If that's what you like, more power too you.
We're all different. We all have different preferences and quality standards.
I don't recommend short-cuts like NFDM in sausage making the same way I don't recommend short-cuts like a crock-pot and a bottle of sauce when making pulled pork.
To each his own!



~Martin


----------



## s24smoove (Jun 26, 2014)

agree, 100%, but like you said, you are not looking for agreement and this is not rocket science,agree again. also, i think another posted stated that the problem may lie in grinding and mixing,i agree, also, i gave him a proven recipe, if he doesn;t grind the hell out of it, mixes it thoroughly and cooks the sausage properly, it will solve his prblem and be delicious., but like you said to each their own and mopar to ya',it's all good. personally, i think sausage should be meat, spices, caseing, no fillers, binders, maltodextrine, soy whatever, when one adds that stuff, you just made the stuff you buy at the store, i want better.


----------



## mdboatbum (Jun 26, 2014)

DiggingDogFarm said:


> That's perfectly fine with me I'm not necessarily looking for agreement.
> 
> 
> 
> ...


Wasn't trying to be argumentative.

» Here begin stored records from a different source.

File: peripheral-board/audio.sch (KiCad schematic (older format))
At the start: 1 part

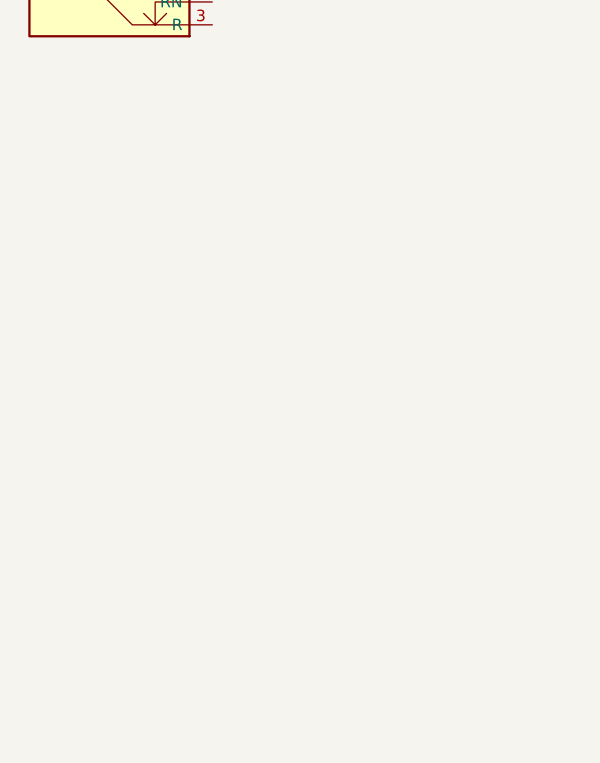
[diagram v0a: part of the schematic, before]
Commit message: added tac switch footprint
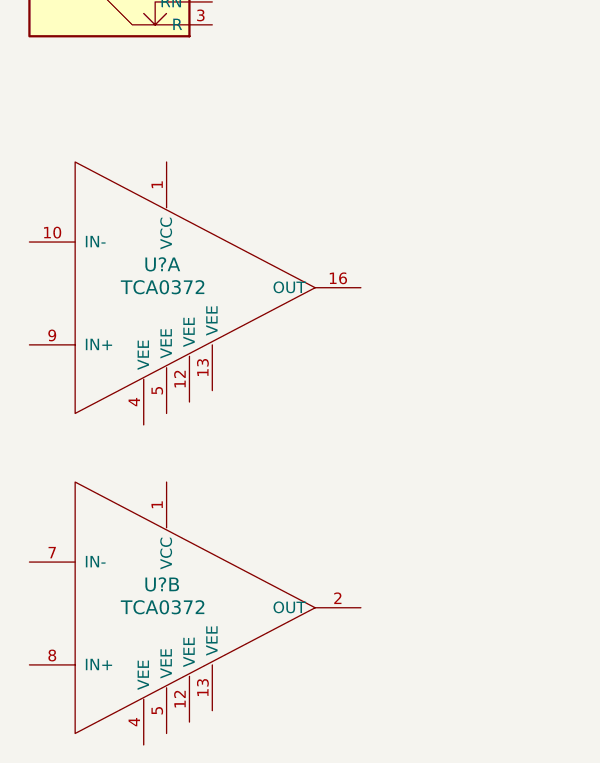
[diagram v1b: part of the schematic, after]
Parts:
- added U? (x2): TCA0372, symbol TCA0372
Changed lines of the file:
@@
 LIBS:contrib
 LIBS:valves
+LIBS:amp
 LIBS:peripheral-board-cache
 EELAYER 25 0
@@
 Text Notes 6200 2250 0    60   ~ 0
 Digital pot\nAmp
+$Comp
+L TCA0372 U?
+U 1 1 581D2053
+P 4700 3700
+F 0 "U?" H 4600 3800 60  0000 L CNN
+F 1 "TCA0372" H 4500 3700 60  0000 L CNN
+F 2 "" H 4700 3700 60  0001 C CNN
+F 3 "" H 4700 3700 60  0001 C CNN
+	1    4700 3700
+	1    0    0    -1
+$EndComp
+$Comp
+L TCA0372 U?
+U 2 1 581D2125
+P 4700 5100
+F 0 "U?" H 4600 5200 60  0000 L CNN
+F 1 "TCA0372" H 4500 5100 60  0000 L CNN
+F 2 "" H 4700 5100 60  0001 C CNN
+F 3 "" H 4700 5100 60  0001 C CNN
+	2    4700 5100
+	1    0    0    -1
+$EndComp
 $EndSCHEMATC

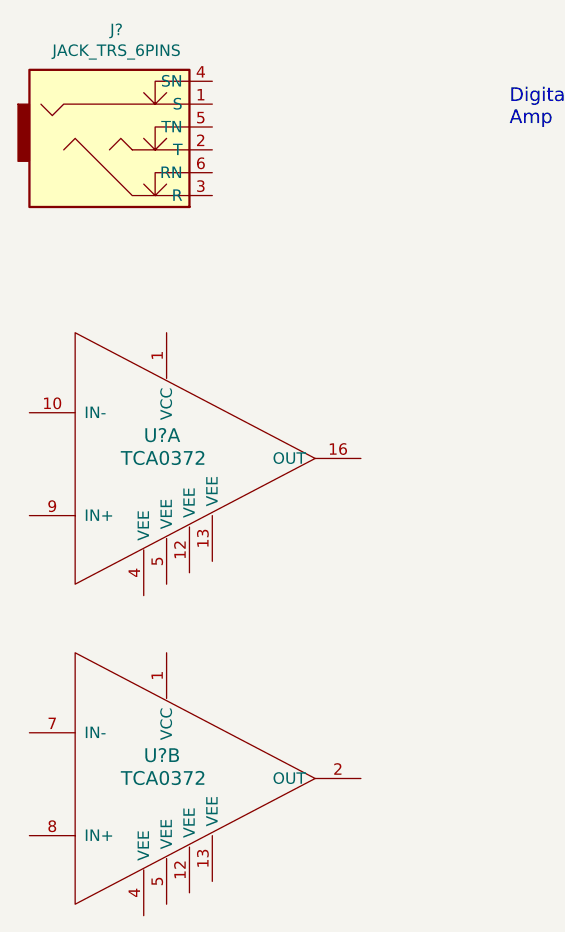
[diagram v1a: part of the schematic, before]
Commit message: added button 3d model
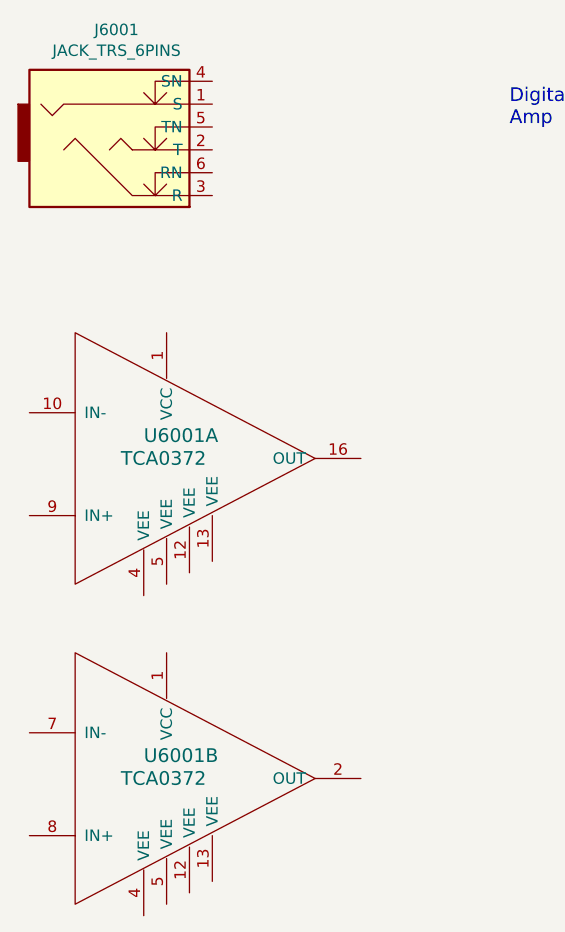
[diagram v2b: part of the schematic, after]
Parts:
- gave numbers to parts that had none: 2
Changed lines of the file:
@@
 $EndDescr
 $Comp
-L JACK_TRS_6PINS J?
+L JACK_TRS_6PINS J6001
 U 1 1 5819EF20
 P 4500 2350
-F 0 "J?" H 4481 2875 50  0000 C CNN
+F 0 "J6001" H 4481 2875 50  0000 C CNN
 F 1 "JACK_TRS_6PINS" H 4481 2784 50  0000 C CNN
-F 2 "" H 4600 2200 50  0000 C CNN
+F 2 "" H 4600 2200 50  0001 C CNN
 F 3 "" H 4600 2200 50  0000 C CNN
 	1    4500 2350
@@
 Digital pot\nAmp
 $Comp
-L TCA0372 U?
+L TCA0372 U6001
 U 1 1 581D2053
 P 4700 3700
-F 0 "U?" H 4600 3800 60  0000 L CNN
+F 0 "U6001" H 4600 3800 60  0000 L CNN
 F 1 "TCA0372" H 4500 3700 60  0000 L CNN
 F 2 "" H 4700 3700 60  0001 C CNN
@@
 $EndComp
 $Comp
-L TCA0372 U?
+L TCA0372 U6001
 U 2 1 581D2125
 P 4700 5100
-F 0 "U?" H 4600 5200 60  0000 L CNN
+F 0 "U6001" H 4600 5200 60  0000 L CNN
 F 1 "TCA0372" H 4500 5100 60  0000 L CNN
 F 2 "" H 4700 5100 60  0001 C CNN

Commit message: added peripheral board bus header
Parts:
- U6001: footprint (none) -> Housings_SOIC:SOIC-16_7.5x10.3mm_Pitch1.27mm
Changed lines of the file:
@@
 F 0 "U6001" H 4600 3800 60  0000 L CNN
 F 1 "TCA0372" H 4500 3700 60  0000 L CNN
-F 2 "" H 4700 3700 60  0001 C CNN
+F 2 "Housings_SOIC:SOIC-16_7.5x10.3mm_Pitch1.27mm" H 4700 3700 60  0001 C CNN
 F 3 "" H 4700 3700 60  0001 C CNN
 	1    4700 3700
@@
 F 0 "U6001" H 4600 5200 60  0000 L CNN
 F 1 "TCA0372" H 4500 5100 60  0000 L CNN
-F 2 "" H 4700 5100 60  0001 C CNN
+F 2 "Housings_SOIC:SOIC-16_7.5x10.3mm_Pitch1.27mm" H 4700 5100 60  0001 C CNN
 F 3 "" H 4700 5100 60  0001 C CNN
 	2    4700 5100

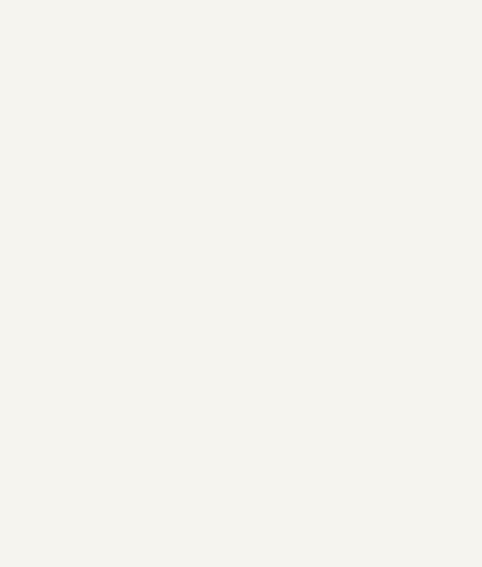
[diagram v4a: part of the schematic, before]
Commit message: routed keyboard
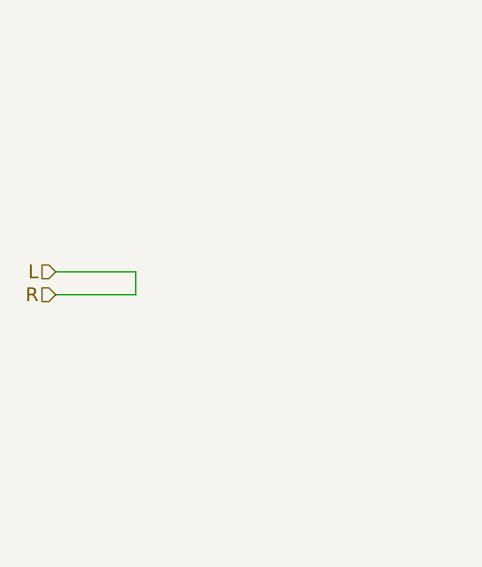
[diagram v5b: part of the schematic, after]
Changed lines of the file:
@@
 LIBS:amp
 LIBS:card-edge
+LIBS:switchmode
+LIBS:joystick
 LIBS:peripheral-board-cache
 EELAYER 25 0
@@
 	1    0    0    -1
 $EndComp
+Text HLabel 1800 3550 0    60   Input ~ 0
+L
+Text HLabel 1800 3650 0    60   Input ~ 0
+R
+Wire Wire Line
+	1800 3650 2150 3650
+Wire Wire Line
+	2150 3650 2150 3550
+Wire Wire Line
+	2150 3550 1800 3550
 $EndSCHEMATC

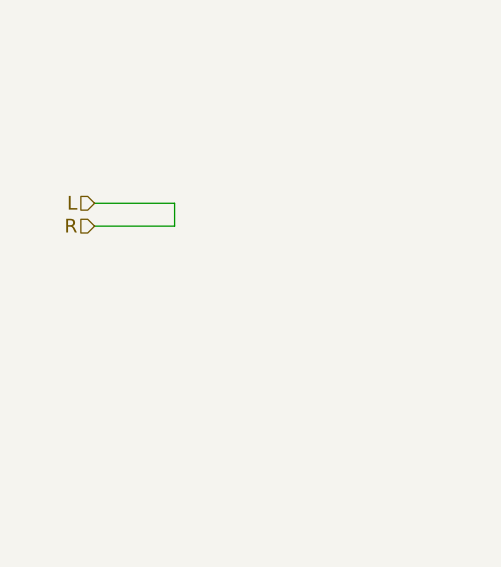
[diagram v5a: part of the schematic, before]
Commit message: some more keyboard stuff fit on this side..
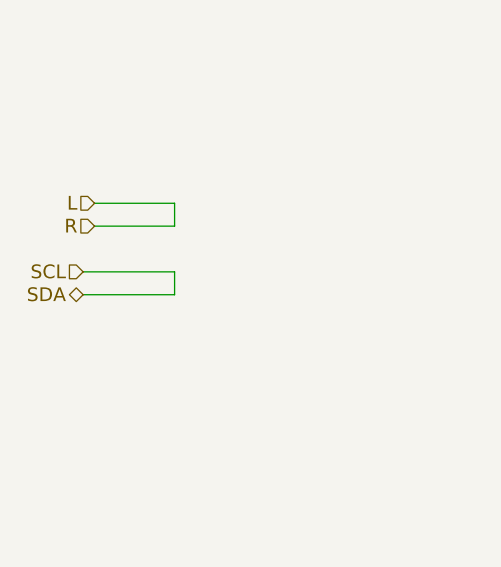
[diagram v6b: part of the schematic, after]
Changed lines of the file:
@@
 Wire Wire Line
 	2150 3550 1800 3550
+Text HLabel 1750 3950 0    60   BiDi ~ 0
+SDA
+Text HLabel 1750 3850 0    60   Input ~ 0
+SCL
+Wire Wire Line
+	1750 3850 2150 3850
+Wire Wire Line
+	2150 3850 2150 3950
+Wire Wire Line
+	2150 3950 1750 3950
 $EndSCHEMATC

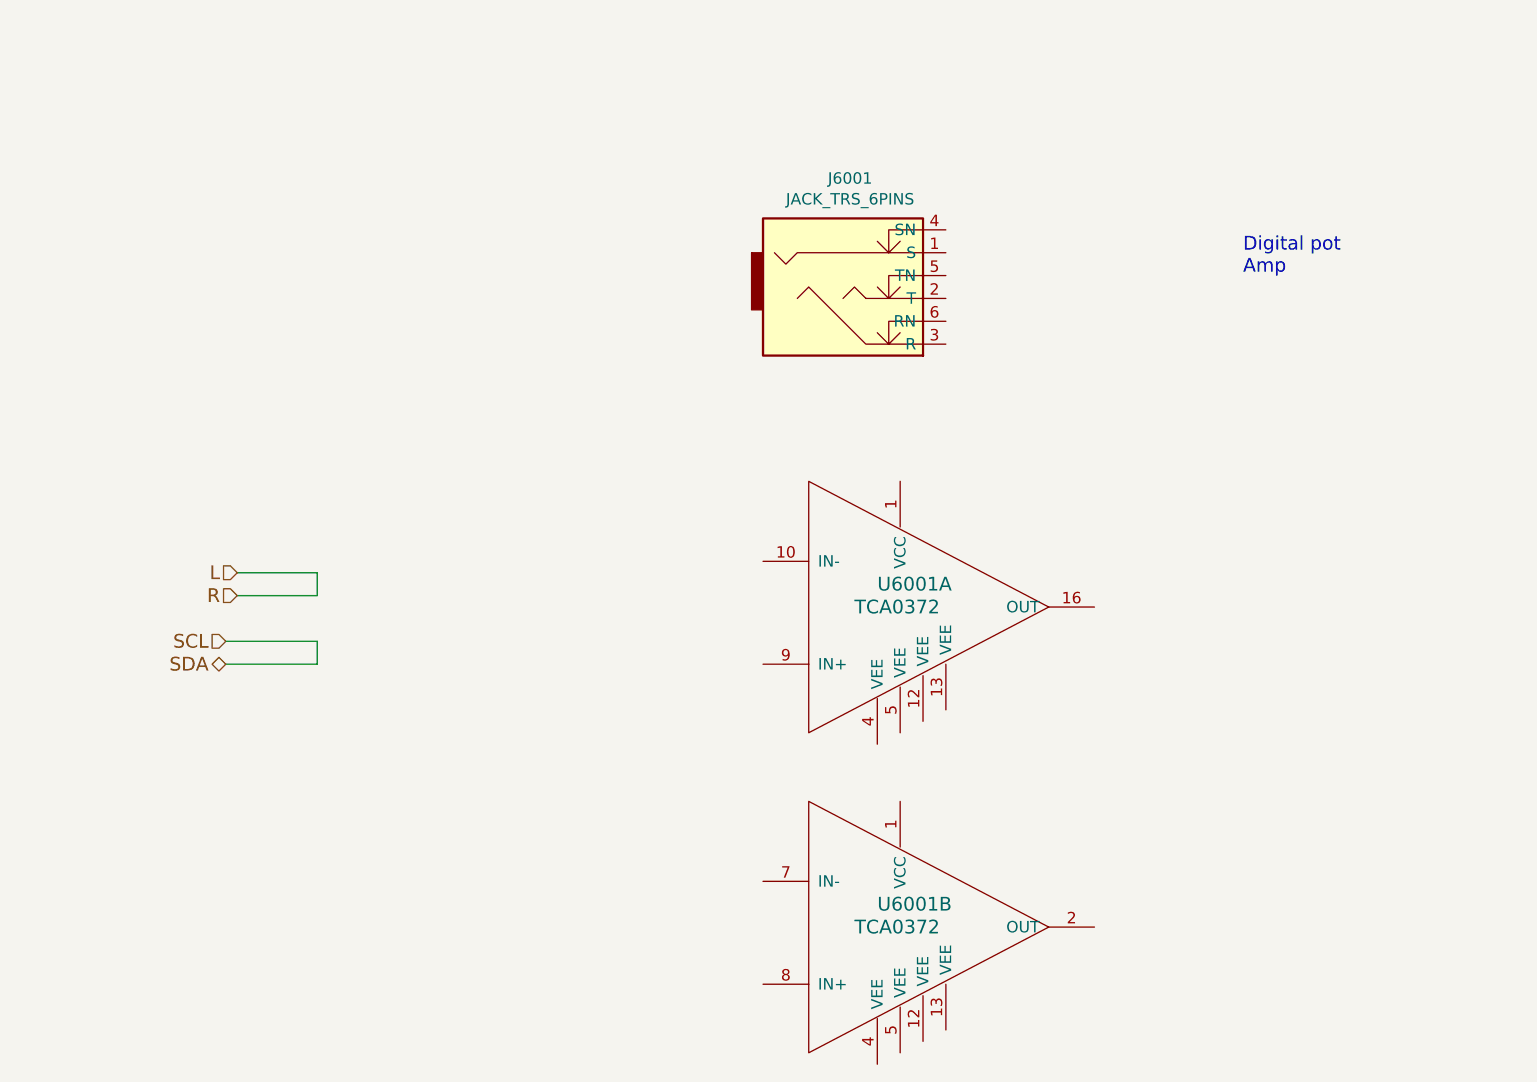
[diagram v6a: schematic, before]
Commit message: added some audio circuitry
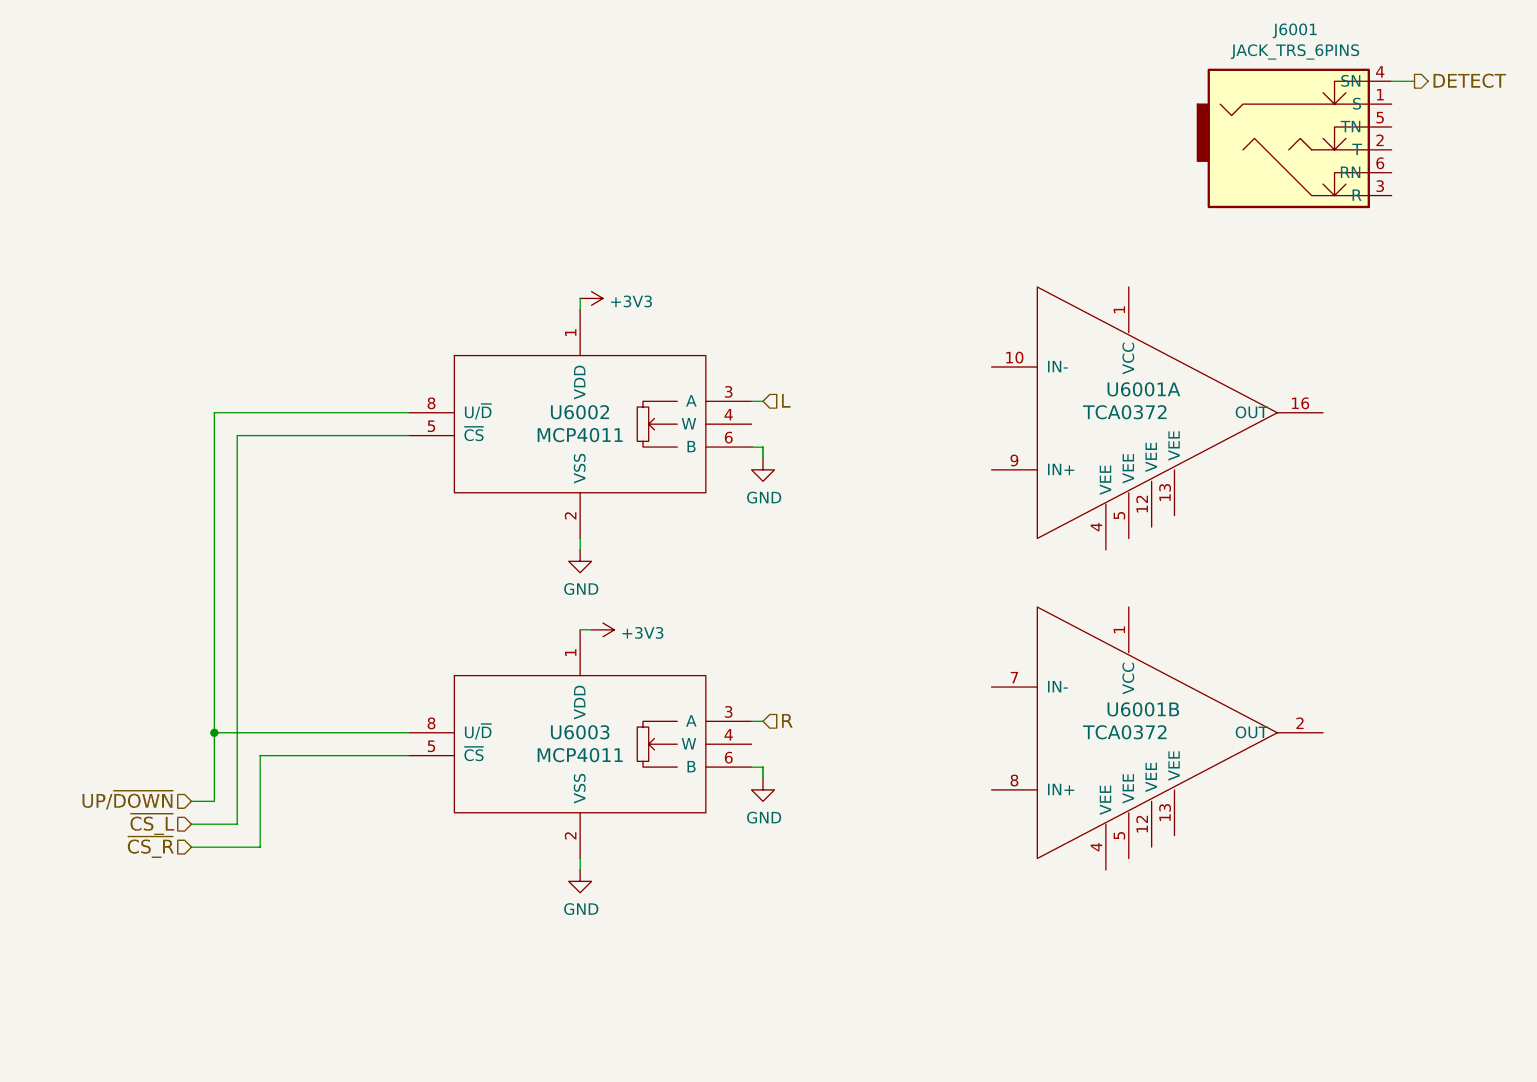
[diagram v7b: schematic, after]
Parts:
- added U6002, U6003: MCP4011, Housings_SOIC:SOIC-8_3.9x4.9mm_Pitch1.27mm, symbol MCP4011
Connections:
- net L: now also U6002.3 (A)
- net DETECT: now reaches J6001.4 (SN)
- new net +3V3: U6002.1 (VDD), U6003.1 (VDD)
- new net GND: U6002.2 (VSS), U6002.6 (B), U6003.2 (VSS), U6003.6 (B)
- new net R: U6003.3 (A)
- new net UP/~DOWN: U6002.8 (U/~D), U6003.8 (U/~D)
- new net ~CS_L: U6002.5 (~CS)
- new net ~CS_R: U6003.5 (~CS)
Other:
- note removed: "Digital pot\nAmp"
- moved on the sheet: J6001, U6001A, U6001B
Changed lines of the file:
@@
 LIBS:switchmode
 LIBS:joystick
+LIBS:digital-pot
 LIBS:peripheral-board-cache
-EELAYER 25 0
+EELAYER 26 0
 EELAYER END
 $Descr A4 11693 8268
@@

You gave him your answer and I gave him a solution that worked for me. If we all agreed on everything life would be pretty boring :)


----------



## venture (Jun 27, 2014)

Seems like we are on the verge of becoming argumentative here.  Don't like that.

Nearly every post above has some merit, based on what I have learned.

Some of those posts come from people I consider to be among our "sausage gurus". I have great respect for their input!

The fat content, grind and mixing are crucial and will solve problems in most sausages.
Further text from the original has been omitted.